If you rode up Ditchling Beacon three times a day you would have a day and a half to spare.


----------



## User6179 (22 Nov 2014)

Local club did this in a day , nutters http://www.everesting.cc/


----------



## nickyboy (23 Nov 2014)

80% after a hilly 50 today. Couple more shortish rides should see me home. Weather looks OK for rest of the challenge


----------



## nickyboy (23 Nov 2014)

Eddy said:


> Local club did this in a day , nutters http://www.everesting.cc/



Local guy did it in a day too. 27 times up the Snake Pass starting 0630, finishing 2230. Utter madness.

http://www.everestinguk.com/2014/09/everesting-snake-pass-cold-beer-never_25.html


----------



## Fubar (24 Nov 2014)

nickyboy said:


> Local guy did it in a day too. 27 times up the Snake Pass starting 0630, finishing 2230. Utter madness.
> 
> http://www.everestinguk.com/2014/09/everesting-snake-pass-cold-beer-never_25.html



Yeah some guys in our club are proposing Everesting in a day using Bealach Na Ba - not for me though...


----------



## arranandy (24 Nov 2014)

Completed the challenge yesterday.
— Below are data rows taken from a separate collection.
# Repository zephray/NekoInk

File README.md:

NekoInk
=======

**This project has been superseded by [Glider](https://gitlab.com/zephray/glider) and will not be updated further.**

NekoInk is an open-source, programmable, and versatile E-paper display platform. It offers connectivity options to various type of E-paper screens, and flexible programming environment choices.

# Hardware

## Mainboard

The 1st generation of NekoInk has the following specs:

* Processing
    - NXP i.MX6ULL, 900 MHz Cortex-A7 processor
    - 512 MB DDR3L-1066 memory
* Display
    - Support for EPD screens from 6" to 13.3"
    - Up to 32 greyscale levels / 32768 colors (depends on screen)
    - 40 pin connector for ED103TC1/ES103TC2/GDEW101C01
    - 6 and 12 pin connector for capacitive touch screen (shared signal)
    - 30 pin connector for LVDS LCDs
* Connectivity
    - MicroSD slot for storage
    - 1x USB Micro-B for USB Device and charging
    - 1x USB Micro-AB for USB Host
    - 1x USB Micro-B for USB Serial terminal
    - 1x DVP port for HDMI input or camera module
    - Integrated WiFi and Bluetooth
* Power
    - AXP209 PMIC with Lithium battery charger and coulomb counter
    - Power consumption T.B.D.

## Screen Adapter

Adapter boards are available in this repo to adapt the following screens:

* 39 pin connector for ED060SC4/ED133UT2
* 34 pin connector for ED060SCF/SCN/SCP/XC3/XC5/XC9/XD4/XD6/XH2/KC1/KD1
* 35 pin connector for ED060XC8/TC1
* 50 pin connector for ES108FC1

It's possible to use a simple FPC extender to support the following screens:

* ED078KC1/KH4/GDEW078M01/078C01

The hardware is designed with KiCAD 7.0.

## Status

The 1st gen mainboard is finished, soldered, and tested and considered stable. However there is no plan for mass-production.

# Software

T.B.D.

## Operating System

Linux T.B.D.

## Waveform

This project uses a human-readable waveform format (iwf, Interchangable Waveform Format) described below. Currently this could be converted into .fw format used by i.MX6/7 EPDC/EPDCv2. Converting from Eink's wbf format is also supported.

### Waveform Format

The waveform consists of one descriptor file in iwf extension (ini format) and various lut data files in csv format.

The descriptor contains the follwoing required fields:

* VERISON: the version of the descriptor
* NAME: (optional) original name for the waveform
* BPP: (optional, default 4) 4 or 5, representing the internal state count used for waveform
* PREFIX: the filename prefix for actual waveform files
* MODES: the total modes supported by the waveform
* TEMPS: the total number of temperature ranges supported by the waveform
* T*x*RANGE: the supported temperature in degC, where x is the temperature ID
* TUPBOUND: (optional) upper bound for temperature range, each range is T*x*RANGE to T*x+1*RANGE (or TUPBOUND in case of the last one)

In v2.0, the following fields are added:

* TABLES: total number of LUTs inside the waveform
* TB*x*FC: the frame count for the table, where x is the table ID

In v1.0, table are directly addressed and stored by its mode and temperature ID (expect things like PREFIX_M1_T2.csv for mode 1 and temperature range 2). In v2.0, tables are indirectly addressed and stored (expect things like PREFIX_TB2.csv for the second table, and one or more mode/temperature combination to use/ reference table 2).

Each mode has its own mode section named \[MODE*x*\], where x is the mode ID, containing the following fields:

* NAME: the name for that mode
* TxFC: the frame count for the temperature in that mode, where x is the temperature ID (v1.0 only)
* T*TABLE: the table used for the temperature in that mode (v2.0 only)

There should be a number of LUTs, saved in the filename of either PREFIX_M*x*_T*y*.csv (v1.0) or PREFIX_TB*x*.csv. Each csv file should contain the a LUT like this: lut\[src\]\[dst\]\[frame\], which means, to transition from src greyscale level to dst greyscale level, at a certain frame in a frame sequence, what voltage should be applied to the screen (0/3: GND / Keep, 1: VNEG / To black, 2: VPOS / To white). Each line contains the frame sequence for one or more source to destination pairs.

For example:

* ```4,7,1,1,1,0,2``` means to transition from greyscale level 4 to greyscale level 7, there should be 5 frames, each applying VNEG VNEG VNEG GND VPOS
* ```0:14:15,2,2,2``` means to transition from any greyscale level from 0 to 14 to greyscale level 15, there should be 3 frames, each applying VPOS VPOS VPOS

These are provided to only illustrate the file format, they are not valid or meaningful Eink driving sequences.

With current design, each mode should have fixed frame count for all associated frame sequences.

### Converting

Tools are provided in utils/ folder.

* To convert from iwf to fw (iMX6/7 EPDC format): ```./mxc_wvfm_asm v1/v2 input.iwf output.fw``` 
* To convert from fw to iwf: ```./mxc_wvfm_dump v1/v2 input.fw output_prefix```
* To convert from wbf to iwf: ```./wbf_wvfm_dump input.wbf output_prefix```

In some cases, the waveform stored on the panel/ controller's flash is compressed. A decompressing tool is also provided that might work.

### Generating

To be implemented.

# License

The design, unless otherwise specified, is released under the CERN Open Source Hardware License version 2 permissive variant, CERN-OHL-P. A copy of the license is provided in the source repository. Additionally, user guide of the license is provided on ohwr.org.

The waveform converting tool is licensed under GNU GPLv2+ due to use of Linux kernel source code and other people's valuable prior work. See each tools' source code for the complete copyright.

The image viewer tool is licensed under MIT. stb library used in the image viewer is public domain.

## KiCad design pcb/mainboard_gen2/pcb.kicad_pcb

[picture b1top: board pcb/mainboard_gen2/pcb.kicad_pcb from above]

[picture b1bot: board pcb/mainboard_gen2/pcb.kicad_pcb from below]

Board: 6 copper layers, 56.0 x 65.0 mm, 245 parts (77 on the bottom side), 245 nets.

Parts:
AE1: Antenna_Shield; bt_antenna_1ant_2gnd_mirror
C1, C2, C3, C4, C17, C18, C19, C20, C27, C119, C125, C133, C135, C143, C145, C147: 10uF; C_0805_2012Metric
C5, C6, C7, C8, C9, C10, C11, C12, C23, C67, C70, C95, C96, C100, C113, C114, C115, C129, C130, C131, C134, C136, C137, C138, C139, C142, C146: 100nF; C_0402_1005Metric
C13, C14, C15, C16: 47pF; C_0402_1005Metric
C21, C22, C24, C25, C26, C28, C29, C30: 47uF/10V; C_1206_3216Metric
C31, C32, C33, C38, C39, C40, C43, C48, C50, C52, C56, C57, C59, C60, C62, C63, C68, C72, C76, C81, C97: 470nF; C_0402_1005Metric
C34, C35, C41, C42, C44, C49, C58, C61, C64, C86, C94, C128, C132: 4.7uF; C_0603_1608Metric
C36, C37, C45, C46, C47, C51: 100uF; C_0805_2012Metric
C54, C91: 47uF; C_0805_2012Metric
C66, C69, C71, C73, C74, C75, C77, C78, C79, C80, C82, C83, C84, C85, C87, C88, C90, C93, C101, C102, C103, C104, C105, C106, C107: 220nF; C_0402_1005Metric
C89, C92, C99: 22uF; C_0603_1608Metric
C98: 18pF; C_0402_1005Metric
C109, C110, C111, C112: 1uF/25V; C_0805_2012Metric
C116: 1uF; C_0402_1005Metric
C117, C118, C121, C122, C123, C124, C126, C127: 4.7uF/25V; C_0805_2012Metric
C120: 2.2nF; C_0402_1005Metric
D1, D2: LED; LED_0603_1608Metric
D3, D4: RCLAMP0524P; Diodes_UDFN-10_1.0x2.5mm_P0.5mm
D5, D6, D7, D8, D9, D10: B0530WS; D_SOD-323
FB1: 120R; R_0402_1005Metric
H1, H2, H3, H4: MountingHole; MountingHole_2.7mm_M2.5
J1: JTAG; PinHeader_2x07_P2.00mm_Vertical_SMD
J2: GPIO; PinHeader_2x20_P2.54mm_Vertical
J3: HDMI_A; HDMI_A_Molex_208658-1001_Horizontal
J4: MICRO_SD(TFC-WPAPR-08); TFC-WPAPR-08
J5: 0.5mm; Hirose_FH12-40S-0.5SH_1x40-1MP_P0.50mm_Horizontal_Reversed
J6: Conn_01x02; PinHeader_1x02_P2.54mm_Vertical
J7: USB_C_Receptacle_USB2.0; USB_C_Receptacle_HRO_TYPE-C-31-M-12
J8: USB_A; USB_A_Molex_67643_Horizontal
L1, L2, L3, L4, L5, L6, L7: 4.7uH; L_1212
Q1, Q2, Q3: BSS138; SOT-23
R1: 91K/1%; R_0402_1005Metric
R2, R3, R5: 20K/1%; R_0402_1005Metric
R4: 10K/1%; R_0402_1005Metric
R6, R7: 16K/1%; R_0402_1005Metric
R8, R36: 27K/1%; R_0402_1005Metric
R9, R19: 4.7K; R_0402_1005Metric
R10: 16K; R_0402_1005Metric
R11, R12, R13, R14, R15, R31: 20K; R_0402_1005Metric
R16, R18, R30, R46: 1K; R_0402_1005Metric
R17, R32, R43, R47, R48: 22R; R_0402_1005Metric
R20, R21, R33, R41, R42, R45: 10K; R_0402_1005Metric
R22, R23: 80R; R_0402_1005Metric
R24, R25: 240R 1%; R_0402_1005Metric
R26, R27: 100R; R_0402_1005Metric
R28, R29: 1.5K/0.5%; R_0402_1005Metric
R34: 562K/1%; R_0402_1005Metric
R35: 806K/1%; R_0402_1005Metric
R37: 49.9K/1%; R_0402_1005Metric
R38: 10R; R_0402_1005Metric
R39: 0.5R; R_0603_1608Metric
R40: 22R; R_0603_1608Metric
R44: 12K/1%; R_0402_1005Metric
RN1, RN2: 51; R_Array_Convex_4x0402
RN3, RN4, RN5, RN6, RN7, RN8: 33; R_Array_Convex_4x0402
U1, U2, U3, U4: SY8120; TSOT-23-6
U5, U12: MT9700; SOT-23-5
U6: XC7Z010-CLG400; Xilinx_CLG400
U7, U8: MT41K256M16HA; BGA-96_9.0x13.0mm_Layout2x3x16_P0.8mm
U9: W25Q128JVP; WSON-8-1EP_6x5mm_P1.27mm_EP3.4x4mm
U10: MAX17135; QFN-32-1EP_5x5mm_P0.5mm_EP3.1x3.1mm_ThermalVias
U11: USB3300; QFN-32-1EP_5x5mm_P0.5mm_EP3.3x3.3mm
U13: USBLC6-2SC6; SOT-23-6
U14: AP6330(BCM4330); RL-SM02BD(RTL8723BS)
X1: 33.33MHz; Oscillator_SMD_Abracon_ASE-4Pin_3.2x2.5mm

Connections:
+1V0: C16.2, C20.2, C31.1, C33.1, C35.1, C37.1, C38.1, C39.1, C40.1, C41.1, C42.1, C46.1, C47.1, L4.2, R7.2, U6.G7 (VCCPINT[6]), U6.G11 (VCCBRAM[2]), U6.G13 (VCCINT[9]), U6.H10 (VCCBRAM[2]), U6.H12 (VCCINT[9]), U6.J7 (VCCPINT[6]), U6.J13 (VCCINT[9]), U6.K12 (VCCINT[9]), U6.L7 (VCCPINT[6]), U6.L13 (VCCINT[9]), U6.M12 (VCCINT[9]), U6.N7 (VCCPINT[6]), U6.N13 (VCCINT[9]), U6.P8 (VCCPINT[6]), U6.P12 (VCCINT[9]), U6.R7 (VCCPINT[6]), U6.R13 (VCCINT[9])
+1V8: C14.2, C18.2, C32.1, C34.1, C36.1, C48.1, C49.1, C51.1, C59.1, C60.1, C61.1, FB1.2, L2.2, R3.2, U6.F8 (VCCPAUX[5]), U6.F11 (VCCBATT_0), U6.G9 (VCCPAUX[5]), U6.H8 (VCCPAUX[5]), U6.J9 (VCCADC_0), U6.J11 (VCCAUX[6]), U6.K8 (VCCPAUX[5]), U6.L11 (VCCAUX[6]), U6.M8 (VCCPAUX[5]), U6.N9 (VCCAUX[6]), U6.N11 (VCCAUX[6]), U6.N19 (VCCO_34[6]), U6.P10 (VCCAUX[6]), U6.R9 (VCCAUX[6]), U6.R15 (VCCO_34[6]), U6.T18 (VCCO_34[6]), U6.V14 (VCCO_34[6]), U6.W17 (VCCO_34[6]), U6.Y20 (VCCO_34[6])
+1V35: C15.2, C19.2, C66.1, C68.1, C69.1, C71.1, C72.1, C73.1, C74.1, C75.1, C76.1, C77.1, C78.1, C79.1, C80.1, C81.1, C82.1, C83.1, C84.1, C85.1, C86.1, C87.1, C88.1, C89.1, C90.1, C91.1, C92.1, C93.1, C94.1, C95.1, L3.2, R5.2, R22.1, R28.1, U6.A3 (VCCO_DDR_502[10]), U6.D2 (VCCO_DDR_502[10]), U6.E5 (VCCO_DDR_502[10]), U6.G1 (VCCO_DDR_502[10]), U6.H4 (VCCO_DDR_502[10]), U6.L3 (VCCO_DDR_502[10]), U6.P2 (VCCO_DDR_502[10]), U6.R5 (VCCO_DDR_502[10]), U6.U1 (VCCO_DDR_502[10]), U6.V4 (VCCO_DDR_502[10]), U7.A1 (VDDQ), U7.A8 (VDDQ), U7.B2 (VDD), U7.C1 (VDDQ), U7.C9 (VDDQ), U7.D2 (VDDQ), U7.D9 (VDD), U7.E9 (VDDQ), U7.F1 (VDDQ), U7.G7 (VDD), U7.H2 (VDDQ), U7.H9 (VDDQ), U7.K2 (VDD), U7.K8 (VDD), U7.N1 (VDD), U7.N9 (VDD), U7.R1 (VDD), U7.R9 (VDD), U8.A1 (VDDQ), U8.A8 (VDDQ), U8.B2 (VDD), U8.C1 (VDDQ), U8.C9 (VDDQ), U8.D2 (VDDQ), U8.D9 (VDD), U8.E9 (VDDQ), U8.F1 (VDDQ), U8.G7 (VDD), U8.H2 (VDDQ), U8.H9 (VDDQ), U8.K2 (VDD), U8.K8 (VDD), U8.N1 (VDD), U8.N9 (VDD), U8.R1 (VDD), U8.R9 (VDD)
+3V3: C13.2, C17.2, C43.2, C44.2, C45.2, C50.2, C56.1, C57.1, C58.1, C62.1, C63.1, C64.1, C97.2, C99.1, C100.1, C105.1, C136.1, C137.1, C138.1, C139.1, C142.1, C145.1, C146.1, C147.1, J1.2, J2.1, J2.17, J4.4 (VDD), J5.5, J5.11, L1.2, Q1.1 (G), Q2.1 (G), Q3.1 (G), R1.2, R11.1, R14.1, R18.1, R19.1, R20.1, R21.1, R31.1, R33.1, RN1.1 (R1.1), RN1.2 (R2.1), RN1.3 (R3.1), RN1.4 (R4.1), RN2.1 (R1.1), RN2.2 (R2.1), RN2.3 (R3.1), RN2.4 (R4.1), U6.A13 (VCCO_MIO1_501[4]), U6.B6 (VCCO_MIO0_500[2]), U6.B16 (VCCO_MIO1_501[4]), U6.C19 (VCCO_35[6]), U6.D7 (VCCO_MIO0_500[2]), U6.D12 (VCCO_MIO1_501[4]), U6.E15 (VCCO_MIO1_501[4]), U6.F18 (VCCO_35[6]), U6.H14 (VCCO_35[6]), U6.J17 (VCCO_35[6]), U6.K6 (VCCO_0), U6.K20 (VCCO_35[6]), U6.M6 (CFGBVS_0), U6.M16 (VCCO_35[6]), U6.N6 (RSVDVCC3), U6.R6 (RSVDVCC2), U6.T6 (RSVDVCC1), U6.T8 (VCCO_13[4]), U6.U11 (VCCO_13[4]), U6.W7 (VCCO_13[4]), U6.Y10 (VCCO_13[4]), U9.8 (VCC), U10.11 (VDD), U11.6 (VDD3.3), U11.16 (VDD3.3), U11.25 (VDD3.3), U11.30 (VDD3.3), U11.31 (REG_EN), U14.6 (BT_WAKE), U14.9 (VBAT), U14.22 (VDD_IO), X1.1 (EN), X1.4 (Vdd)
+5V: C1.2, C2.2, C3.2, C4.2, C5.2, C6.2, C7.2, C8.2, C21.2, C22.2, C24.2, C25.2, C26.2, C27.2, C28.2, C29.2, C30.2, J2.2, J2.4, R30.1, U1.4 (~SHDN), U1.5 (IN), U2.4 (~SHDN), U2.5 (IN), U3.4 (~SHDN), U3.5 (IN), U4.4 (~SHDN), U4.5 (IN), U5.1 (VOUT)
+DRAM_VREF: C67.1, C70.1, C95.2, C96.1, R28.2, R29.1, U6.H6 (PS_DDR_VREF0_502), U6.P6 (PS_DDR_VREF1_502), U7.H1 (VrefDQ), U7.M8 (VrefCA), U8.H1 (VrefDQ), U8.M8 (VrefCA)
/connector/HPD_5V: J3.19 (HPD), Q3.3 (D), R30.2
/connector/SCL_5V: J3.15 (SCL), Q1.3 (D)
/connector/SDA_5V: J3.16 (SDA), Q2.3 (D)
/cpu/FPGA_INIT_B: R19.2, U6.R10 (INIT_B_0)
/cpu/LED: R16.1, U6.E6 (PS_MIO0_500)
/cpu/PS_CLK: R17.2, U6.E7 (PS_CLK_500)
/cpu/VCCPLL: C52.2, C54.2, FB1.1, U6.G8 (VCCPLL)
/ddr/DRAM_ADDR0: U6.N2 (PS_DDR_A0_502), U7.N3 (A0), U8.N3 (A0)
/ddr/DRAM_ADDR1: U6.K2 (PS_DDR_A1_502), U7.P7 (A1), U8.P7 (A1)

However I don't think I will be buying the special cycling top from Strava $75 plus shipping


----------



## MrGrumpy (24 Nov 2014)

No where near but I've only been commuting, thought I would breeze it as well.... But never factored in the weekends lmao


----------



## slowmotion (24 Nov 2014)

The biggest hill on my commute is Battersea Bridge. I think it could take me a bit longer than twenty days.


----------



## HLaB (24 Nov 2014)

Eddy said:


> Local club did this in a day , nutters http://www.everesting.cc/


A local guy did it here too and its not even that long a hill, he must of got well sick of it http://www.strava.com/segments/5705774


----------



## Supersuperleeds (24 Nov 2014)

I'm 86% complete now and I live in a very flat area, as evidenced by the fact I have had to do over 900 miles to hit that 86%.


----------



## nickyboy (25 Nov 2014)

Supersuperleeds said:


> I'm 86% complete now and I live in a very flat area, as evidenced by the fact I have had to do over 900 miles to hit that 86%.



I think you flatlanders should get a special medal for completing it. I'm at 80% but I've only ridden about 240 miles. Couple of cheeky 30s and I should be done, 300 miles total


----------



## Dogtrousers (25 Nov 2014)

slowmotion said:


> The biggest hill on my commute is Battersea Bridge. I think it could take me a bit longer than twenty days.


According to this segment Battersea Bridge will give you 9m of climb. So you would need to cross it 984 times.


----------



## nickyboy (25 Nov 2014)

Dogtrousers said:


> According to this segment Battersea Bridge will give you 9m of climb. So you would need to cross it 984 times.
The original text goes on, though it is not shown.